Comentários de leitores

13 comentários

O que postei abaixo é besteira?

Ramiro. (Advogado Autônomo - Criminal)

http://www.oas.org/pt/cidh/decisiones/admisibilidades.asp
Indo ao Relatório 10/2012, baixa em formato word, há a seguinte remissão.
"16. Com relação à falta de pagamento do precatório devido pelo Estado brasileiro, a CIDH já adotou uma decisão de admissibilidade sobre o tema no Relatório 144/11 sobre a P-1050-06 (Pedro Stábile Neto e outros funcionários do município de Santo André), de 31 de outubro de 2011. Aplicando a prática de adotar decisões per curiam, com relação ao exame de admissibilidade deste assunto, a Comissão Interamericana conclui que a legislação brasileira não contempla recursos judiciais efetivos e adequados para assegurar o pagamento dos precatórios devidos pelo Estado. Portanto, aplica-se a esta petição a exceção prevista no artigo 46.2.a da Convenção Americana, no tocante ao esgotamento dos recursos de jurisdição interna."
Quanto a condenações de sistemas judiciais inteiros de outros países, sobre jurisprudência...na CorteIDH.
AGORA SE NADA É LEVADO AO SISTEMA DE DEFESA DE DIREITOS HUMANOS QUE TEMOS, O BRASIL CONTINUARÁ VENDENDO PARA O MUNDO QUE SOMOS UMA DEMOCRACIA EFICIENTE E ONDE TUDO FUNCIONA BEM...
SE HOUVER DEZENAS DE DENÚNCIAS BEM INSTRUÍDAS EM PROVAS...
Ah, a Condenação no Caso Julia Lund e outros versus Brasil, Guerrilha do Araguaia, ainda não foi cumprida.
Sim, mas uma pergunta básica, o caso foi dado por encerrado pela CorteIDH?
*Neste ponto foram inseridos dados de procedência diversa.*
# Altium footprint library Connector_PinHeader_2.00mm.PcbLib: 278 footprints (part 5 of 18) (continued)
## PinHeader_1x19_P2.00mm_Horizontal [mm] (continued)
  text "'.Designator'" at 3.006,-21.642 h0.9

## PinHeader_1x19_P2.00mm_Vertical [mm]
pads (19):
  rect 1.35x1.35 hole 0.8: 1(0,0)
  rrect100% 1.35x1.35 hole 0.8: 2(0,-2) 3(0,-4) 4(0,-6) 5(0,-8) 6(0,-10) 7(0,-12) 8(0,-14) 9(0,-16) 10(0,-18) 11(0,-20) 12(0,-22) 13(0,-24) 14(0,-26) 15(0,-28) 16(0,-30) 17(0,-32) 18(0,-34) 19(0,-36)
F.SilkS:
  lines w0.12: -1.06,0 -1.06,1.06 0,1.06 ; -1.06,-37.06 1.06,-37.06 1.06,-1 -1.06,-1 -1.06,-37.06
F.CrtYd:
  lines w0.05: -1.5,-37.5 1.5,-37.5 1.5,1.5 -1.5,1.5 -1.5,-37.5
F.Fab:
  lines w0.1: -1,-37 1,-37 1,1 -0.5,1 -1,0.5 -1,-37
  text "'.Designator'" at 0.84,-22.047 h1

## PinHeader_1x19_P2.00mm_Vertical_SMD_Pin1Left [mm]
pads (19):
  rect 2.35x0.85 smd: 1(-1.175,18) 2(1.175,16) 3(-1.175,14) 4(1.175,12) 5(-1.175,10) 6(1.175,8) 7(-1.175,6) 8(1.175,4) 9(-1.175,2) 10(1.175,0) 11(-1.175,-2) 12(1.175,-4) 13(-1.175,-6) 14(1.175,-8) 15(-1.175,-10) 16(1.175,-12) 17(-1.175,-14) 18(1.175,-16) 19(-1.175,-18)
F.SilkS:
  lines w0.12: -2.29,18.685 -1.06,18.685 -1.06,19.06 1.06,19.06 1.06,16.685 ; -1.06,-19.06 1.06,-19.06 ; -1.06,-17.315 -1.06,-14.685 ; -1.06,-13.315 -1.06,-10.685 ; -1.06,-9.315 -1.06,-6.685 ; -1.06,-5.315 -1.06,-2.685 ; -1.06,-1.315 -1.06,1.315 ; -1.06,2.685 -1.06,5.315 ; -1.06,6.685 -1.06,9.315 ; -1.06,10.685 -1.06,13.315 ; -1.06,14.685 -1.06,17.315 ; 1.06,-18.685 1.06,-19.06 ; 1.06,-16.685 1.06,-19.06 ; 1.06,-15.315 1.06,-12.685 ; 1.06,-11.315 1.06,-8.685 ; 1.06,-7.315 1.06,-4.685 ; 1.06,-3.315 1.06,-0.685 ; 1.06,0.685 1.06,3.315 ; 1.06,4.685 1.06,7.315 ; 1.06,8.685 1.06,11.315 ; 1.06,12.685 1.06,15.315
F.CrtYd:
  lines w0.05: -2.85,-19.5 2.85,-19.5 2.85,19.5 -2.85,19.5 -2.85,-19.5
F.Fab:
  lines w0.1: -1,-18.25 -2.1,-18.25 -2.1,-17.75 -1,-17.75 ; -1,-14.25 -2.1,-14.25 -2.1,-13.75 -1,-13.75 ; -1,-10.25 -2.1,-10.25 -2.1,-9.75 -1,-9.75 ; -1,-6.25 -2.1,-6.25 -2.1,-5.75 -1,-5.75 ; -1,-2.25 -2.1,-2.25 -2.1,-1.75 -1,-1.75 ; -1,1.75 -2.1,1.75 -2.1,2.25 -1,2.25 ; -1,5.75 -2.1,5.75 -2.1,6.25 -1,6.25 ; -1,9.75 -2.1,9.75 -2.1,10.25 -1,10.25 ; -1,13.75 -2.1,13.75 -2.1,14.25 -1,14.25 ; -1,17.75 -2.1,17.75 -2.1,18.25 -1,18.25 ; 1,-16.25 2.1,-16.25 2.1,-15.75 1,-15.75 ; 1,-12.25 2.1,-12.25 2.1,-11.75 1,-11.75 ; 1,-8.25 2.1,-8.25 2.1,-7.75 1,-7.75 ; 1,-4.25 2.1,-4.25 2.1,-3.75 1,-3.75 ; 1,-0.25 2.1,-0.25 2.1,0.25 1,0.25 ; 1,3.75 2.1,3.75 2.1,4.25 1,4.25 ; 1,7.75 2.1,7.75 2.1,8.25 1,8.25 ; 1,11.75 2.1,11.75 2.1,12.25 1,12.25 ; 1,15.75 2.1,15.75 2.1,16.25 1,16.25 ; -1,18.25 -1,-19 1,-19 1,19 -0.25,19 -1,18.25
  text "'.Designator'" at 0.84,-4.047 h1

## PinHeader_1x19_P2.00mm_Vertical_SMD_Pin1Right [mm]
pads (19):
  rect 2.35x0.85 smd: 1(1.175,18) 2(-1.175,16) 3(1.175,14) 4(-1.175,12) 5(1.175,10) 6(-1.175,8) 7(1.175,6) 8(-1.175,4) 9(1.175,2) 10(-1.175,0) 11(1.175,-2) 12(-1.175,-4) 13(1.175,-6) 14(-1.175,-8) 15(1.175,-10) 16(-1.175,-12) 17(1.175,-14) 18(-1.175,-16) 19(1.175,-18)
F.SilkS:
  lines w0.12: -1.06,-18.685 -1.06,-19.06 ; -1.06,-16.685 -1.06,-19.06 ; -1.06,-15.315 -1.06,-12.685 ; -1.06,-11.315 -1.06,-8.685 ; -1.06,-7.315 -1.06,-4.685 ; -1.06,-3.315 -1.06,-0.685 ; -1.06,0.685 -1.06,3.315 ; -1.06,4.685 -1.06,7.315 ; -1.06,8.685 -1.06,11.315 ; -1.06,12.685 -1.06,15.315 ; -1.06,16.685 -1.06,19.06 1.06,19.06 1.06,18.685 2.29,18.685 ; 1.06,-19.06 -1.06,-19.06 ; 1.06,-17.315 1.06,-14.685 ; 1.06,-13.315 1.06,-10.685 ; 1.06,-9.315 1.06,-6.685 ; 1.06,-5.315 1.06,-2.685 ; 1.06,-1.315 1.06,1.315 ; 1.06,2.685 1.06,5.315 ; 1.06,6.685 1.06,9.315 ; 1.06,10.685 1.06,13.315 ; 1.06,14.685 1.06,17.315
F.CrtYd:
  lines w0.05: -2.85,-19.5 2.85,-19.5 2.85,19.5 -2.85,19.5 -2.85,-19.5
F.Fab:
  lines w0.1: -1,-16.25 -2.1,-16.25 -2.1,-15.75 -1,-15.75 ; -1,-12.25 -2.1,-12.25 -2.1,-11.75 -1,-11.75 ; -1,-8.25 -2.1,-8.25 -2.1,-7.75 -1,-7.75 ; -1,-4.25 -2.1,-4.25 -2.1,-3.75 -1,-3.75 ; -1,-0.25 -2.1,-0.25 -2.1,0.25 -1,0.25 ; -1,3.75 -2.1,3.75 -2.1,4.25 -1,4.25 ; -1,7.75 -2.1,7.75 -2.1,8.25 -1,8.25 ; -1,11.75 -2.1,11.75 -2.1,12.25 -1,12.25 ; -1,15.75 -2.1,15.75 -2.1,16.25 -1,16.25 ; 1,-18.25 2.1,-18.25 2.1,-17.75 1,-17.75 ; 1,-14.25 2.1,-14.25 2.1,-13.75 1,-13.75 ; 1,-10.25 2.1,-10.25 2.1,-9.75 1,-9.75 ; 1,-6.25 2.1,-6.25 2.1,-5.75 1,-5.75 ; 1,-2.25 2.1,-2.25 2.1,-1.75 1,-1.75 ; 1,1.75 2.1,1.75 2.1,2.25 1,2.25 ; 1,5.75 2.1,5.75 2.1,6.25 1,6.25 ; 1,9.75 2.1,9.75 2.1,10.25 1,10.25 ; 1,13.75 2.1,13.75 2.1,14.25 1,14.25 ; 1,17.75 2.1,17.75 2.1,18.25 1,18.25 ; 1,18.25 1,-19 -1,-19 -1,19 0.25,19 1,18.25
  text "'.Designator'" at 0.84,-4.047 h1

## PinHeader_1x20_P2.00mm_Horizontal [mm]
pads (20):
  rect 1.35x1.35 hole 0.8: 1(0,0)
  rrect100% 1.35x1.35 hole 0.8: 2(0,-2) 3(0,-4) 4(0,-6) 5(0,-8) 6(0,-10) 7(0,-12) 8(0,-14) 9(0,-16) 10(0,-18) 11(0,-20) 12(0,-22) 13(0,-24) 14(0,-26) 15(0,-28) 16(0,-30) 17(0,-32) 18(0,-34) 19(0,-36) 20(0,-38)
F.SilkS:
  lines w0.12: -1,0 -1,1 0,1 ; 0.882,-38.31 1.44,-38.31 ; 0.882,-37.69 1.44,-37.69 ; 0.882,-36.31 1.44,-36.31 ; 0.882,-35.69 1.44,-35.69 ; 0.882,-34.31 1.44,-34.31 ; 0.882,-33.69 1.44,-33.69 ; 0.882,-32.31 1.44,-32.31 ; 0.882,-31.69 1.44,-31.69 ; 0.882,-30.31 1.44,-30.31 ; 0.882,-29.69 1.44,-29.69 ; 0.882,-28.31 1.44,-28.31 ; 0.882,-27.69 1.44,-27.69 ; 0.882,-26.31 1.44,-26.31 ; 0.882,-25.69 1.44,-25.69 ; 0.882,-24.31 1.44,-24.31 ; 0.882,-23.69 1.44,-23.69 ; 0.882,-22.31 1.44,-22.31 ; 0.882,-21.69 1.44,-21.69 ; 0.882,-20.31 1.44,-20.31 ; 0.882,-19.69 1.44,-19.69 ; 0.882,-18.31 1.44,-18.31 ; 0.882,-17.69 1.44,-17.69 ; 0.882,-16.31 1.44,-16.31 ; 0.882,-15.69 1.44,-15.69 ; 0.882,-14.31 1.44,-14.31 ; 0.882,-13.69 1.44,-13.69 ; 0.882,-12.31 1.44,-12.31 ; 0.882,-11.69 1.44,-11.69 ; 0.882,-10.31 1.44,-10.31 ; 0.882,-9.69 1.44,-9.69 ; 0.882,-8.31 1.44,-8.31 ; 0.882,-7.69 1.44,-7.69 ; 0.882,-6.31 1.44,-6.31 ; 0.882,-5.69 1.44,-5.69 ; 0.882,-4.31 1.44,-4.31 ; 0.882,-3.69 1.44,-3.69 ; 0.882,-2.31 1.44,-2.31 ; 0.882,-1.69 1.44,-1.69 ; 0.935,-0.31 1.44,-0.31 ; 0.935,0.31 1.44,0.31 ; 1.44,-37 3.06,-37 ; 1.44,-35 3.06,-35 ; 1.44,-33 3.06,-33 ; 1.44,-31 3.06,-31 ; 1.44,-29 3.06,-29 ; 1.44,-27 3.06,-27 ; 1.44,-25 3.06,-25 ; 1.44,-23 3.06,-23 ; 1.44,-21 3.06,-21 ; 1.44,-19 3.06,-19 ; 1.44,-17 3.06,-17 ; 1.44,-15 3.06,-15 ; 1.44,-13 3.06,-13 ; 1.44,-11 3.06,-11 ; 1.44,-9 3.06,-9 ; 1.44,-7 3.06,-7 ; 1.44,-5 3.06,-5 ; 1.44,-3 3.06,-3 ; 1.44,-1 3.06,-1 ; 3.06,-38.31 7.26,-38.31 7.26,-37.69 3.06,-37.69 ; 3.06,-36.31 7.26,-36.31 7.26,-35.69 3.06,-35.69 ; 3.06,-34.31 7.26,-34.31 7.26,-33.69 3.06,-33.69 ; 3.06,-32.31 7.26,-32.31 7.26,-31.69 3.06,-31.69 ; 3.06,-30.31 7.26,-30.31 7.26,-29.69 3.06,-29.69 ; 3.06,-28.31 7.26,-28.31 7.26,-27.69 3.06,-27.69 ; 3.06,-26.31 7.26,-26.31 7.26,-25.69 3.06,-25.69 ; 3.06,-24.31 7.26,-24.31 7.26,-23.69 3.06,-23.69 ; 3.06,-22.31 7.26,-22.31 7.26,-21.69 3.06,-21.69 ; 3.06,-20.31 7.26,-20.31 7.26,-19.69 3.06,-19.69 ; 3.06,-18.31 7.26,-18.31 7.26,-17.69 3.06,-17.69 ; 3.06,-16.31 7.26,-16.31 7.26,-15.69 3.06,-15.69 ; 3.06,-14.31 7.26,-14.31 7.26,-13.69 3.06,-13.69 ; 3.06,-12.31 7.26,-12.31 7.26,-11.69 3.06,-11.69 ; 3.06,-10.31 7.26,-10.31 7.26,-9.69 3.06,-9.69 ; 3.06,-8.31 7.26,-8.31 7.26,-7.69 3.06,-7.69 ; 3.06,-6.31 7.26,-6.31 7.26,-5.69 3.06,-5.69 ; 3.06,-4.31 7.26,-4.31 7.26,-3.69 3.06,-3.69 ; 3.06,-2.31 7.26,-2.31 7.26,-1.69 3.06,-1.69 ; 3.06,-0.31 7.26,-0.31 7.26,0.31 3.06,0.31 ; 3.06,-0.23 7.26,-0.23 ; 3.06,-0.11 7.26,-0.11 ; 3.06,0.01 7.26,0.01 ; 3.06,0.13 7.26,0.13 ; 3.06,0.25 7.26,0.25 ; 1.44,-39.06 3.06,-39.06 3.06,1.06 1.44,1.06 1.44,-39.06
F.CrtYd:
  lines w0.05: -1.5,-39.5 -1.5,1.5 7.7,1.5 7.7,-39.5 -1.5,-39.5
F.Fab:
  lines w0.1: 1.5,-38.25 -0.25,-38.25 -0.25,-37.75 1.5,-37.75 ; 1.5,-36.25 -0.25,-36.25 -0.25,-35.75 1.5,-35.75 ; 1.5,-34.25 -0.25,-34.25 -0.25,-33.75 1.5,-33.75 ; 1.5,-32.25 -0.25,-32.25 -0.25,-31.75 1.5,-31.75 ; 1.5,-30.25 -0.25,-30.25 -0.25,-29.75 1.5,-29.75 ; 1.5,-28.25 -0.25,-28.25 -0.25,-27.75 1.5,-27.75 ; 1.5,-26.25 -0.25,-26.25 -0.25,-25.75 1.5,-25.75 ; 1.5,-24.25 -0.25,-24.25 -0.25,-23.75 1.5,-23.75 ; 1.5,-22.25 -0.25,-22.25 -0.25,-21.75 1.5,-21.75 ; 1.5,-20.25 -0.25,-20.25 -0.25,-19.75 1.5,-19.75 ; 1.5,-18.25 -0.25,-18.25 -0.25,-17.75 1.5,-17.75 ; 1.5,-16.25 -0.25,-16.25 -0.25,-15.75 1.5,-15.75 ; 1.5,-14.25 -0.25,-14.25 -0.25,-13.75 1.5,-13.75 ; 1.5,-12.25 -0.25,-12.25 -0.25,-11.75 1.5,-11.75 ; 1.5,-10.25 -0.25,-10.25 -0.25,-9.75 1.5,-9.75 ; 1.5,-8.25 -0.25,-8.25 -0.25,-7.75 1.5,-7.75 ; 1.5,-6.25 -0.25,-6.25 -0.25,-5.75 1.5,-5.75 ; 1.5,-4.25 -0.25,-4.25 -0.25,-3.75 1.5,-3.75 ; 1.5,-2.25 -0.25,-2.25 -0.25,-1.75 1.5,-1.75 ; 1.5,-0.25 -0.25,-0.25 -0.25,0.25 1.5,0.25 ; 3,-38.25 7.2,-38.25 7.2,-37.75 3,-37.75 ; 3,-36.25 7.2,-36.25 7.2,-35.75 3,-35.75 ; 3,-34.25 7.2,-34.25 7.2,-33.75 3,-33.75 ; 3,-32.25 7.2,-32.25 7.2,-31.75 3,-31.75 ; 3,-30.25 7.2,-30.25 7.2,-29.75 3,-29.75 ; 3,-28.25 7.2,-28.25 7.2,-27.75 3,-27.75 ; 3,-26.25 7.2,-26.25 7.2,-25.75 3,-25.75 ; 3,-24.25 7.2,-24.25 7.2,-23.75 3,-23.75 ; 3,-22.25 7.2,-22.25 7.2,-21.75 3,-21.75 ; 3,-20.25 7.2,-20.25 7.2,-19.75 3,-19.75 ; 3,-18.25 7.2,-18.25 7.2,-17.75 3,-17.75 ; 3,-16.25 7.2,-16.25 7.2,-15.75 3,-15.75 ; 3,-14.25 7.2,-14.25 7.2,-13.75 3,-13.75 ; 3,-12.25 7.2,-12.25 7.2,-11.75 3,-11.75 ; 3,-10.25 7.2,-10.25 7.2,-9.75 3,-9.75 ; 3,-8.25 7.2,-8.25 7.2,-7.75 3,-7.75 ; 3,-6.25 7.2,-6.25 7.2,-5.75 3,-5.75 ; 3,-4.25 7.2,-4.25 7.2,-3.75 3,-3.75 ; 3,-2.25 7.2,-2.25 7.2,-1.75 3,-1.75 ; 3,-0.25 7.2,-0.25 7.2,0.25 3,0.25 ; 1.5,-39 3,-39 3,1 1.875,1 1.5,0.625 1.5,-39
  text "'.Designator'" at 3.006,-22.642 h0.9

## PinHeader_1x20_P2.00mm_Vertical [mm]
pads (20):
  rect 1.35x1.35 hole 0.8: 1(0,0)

E o cabe de peitção à CIDH-OEA nesse caso?

Ramiro. (Advogado Autônomo - Criminal)

Cabe uma belíssima petição contra o Estado Brasileiro por violações dos artigos 8, 11, 24 e 25, na forma de afronta aos artigos 1 e 2, todos da Convenção Americana Sobre Direitos Humanos.
Em breve apanhado de um fôlego sem revisão.
http://www.oas.org/pt/cidh/mandato/Basicos/convencion.asp
Valos lá, artigo 8, inciso 1, o termo "independente e imparcial" exige, no caso brasileiro, exegese da CIDH, pois não é admissível como indepedente, e sobretudo imparcial um tribunal que julga em favor de colega que tem carreira no mesmo tribunal. Em desfavor de quem não é da mesma carreira. Pode se questionar a imparcialidade dos tribunais, lato sensu, que existem no Brasil para julgar questões envovendo advogados e magistrados. Os Magistrados irão gritar que isso é idiota... Sim, gritem. A questão é se os Advogados atingidos vão, no número que há violações, provocar a jurisdição da CIDH, para por meio desta alcançar a CorteIDH.
Se for confirmado o "erro material", ótimo, pode se questionar que o Ministro Relator foi magistrado de carreira, e peticionar análise pela CIDH-OEA da imparcialidade no sistema como um todo.
Art. 28, fundamental ao caso. O Governo Federal responde pelos estados membros.
Cabível a exceção do inciso 2 do art. 46, impossibilidade material de um recurso interno efetivo.
Agora ficar dizendo que a filha de um, o irmão de outro...
SE TODOS OS CASOS QUE AQUI ACONTECEM FOREM DENUNCIADOS NO EXTERIOR...
Não pretendo entrar em detalhes, pois protocolei de quinta para sexta feira uma Reclamação no STF, deixando claro ao relator que estou construindo, conscientemente, um caso que pretendo levar à Comissão Interamericana.
"Não funciona em nada!". Não? Então de onde está vindo a corrida para resolver a questão dos precatórios?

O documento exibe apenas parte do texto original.